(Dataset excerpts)
..............................

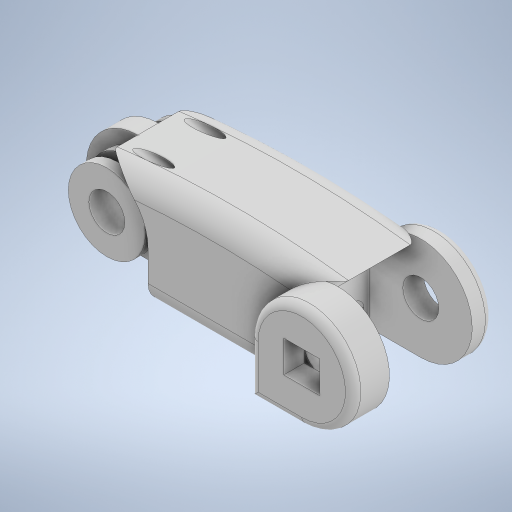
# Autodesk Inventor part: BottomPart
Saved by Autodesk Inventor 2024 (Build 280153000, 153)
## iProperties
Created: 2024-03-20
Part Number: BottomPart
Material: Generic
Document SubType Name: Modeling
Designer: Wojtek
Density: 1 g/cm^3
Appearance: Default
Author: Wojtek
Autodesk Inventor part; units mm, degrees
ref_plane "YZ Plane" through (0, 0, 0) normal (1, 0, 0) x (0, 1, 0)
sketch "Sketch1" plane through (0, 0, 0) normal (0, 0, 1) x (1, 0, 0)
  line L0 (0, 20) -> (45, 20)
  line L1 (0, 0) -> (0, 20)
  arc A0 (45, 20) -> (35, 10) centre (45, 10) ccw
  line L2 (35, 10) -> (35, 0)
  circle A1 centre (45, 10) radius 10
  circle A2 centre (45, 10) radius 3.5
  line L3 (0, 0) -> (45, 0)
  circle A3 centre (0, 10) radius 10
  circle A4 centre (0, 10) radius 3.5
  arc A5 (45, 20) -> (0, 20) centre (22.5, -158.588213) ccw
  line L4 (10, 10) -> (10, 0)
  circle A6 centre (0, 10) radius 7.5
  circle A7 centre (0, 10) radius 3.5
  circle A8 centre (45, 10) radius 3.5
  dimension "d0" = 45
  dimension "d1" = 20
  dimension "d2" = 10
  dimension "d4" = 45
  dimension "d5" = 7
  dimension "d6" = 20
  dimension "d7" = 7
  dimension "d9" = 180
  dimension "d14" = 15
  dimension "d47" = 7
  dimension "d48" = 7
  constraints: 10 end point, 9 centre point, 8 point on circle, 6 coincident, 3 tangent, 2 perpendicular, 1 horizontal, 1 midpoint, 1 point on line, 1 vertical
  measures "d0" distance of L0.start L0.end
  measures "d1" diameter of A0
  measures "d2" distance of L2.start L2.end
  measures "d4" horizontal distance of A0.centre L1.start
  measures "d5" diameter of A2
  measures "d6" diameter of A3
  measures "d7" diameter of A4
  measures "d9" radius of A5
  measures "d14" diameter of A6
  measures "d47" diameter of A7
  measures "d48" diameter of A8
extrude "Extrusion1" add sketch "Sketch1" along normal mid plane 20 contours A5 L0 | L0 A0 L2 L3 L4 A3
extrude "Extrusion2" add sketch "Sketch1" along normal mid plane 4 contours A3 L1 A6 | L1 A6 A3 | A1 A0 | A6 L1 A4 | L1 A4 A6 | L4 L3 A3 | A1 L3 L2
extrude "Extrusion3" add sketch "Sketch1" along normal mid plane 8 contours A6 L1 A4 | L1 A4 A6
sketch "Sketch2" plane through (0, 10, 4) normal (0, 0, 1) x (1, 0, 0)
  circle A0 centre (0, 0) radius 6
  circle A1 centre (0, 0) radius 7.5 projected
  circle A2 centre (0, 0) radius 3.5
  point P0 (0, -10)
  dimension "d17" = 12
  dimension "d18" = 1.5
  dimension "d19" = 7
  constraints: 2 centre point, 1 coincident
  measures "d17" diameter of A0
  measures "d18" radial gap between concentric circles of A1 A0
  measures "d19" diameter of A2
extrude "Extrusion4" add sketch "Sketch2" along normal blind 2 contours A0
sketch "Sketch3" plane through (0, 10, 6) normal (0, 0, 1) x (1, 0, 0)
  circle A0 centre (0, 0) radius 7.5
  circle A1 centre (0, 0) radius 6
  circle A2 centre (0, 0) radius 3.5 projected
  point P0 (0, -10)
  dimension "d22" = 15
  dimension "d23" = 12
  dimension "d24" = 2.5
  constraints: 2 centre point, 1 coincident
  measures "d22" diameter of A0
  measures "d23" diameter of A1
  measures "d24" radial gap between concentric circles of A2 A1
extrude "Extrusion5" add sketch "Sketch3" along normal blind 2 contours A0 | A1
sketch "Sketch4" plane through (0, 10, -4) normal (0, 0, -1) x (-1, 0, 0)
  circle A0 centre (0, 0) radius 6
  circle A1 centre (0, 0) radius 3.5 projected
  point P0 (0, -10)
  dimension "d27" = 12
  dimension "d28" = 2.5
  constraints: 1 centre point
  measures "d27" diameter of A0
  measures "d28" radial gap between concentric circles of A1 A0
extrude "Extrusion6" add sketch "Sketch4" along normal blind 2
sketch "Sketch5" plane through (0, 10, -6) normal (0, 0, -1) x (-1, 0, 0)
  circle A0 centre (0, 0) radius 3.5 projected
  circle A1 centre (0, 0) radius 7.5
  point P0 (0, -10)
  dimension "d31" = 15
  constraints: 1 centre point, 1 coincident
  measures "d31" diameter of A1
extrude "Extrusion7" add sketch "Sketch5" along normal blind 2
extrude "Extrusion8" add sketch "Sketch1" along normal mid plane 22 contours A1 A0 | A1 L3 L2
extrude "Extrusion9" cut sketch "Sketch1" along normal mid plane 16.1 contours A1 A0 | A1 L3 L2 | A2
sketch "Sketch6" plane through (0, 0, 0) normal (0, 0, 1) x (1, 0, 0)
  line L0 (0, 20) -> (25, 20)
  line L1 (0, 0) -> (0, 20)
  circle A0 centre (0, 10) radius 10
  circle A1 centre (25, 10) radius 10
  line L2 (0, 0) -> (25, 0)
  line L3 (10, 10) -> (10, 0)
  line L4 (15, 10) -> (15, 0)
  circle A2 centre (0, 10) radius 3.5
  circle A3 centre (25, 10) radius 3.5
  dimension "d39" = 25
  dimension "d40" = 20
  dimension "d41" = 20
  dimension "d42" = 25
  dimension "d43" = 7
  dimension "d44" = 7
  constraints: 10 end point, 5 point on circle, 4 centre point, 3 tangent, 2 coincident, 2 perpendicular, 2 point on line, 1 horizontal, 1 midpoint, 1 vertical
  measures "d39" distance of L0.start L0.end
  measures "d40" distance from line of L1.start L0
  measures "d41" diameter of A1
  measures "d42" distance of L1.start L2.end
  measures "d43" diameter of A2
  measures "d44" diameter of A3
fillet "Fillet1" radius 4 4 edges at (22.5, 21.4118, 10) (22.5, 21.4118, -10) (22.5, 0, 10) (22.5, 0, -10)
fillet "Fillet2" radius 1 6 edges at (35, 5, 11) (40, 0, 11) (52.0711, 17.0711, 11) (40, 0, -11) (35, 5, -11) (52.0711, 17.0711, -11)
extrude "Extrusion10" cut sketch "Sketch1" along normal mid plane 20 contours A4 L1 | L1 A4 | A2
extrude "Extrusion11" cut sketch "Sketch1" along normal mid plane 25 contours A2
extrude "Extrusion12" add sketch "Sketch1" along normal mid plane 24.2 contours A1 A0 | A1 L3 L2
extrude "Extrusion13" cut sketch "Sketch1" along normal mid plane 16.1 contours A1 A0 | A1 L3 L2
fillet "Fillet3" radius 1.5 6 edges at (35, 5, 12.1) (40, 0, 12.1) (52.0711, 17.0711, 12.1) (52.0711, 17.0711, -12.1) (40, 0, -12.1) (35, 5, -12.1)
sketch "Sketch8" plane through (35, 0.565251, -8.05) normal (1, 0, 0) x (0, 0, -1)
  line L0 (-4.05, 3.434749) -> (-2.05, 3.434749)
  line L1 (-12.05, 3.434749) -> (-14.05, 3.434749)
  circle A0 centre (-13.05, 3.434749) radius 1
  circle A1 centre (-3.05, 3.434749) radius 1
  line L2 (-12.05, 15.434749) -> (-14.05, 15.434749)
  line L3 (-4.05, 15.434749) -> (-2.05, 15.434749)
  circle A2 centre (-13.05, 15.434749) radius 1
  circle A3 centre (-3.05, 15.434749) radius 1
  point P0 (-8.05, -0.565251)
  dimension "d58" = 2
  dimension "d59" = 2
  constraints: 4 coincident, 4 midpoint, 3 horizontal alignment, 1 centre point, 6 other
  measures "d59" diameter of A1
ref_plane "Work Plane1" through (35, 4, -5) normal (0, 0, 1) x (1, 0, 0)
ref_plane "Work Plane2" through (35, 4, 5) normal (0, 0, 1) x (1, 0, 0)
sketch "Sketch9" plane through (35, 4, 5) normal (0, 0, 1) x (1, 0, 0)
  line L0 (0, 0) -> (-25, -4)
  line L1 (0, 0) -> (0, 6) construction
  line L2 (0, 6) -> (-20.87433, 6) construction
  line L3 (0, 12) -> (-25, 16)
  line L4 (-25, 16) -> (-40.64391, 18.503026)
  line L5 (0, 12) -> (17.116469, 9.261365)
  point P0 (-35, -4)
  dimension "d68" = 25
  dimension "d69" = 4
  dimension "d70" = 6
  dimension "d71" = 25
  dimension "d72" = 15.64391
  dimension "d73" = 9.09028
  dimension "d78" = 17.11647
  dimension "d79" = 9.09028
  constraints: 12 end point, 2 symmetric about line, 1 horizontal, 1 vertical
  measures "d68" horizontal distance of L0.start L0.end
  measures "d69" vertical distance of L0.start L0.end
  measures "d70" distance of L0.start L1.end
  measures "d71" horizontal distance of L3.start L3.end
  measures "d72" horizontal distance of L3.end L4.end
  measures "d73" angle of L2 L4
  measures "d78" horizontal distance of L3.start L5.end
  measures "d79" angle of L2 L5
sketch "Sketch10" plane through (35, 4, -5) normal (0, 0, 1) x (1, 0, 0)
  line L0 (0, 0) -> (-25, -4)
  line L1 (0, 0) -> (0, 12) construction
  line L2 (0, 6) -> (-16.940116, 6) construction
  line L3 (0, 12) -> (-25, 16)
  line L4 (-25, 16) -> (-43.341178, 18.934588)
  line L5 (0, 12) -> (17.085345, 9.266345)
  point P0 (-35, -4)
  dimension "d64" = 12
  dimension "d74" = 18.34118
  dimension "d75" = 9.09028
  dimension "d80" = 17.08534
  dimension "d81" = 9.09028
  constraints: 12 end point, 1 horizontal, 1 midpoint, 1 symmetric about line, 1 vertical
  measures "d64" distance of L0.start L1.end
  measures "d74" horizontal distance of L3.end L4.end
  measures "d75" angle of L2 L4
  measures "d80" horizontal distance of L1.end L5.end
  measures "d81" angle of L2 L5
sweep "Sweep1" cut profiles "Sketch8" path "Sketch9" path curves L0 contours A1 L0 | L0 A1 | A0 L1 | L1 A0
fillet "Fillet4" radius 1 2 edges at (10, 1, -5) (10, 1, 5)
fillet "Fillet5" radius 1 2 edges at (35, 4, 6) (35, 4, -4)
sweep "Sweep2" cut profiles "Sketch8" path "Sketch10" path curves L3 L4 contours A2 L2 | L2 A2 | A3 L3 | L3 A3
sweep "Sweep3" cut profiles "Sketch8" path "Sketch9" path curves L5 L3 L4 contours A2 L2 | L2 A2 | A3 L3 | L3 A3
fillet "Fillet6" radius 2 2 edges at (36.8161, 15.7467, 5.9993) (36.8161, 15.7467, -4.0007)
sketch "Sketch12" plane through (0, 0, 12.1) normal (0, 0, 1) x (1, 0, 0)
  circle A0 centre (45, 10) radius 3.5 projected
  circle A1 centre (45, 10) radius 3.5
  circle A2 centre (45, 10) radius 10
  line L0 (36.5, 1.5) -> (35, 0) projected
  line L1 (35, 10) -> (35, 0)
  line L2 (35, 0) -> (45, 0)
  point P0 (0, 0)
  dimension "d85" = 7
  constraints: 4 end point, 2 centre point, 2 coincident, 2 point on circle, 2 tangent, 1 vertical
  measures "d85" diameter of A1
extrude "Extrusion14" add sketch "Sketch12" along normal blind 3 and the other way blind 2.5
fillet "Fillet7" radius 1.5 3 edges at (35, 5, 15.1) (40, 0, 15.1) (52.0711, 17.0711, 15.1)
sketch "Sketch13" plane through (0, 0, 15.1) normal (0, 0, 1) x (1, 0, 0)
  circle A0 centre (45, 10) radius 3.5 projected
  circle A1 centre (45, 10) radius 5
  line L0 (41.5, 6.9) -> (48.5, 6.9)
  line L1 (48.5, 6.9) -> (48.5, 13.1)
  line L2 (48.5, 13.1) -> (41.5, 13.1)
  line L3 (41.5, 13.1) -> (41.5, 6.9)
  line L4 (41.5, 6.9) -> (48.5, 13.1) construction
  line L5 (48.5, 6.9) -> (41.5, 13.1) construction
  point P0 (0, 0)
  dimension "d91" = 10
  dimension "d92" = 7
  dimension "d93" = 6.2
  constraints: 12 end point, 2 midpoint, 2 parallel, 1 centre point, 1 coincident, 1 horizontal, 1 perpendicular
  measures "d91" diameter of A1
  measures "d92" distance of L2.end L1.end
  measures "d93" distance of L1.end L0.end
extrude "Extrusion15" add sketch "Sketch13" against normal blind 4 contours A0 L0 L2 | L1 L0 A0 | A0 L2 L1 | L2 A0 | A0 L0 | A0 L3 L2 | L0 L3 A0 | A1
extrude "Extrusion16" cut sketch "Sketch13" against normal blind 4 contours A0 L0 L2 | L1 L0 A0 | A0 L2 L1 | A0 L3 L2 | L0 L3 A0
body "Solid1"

..............................

* **Task brief**: With "BottomPart" as the search string, filter the records and return each line that has it.

* **Response area**:
# Autodesk Inventor part: BottomPart
Part Number: BottomPart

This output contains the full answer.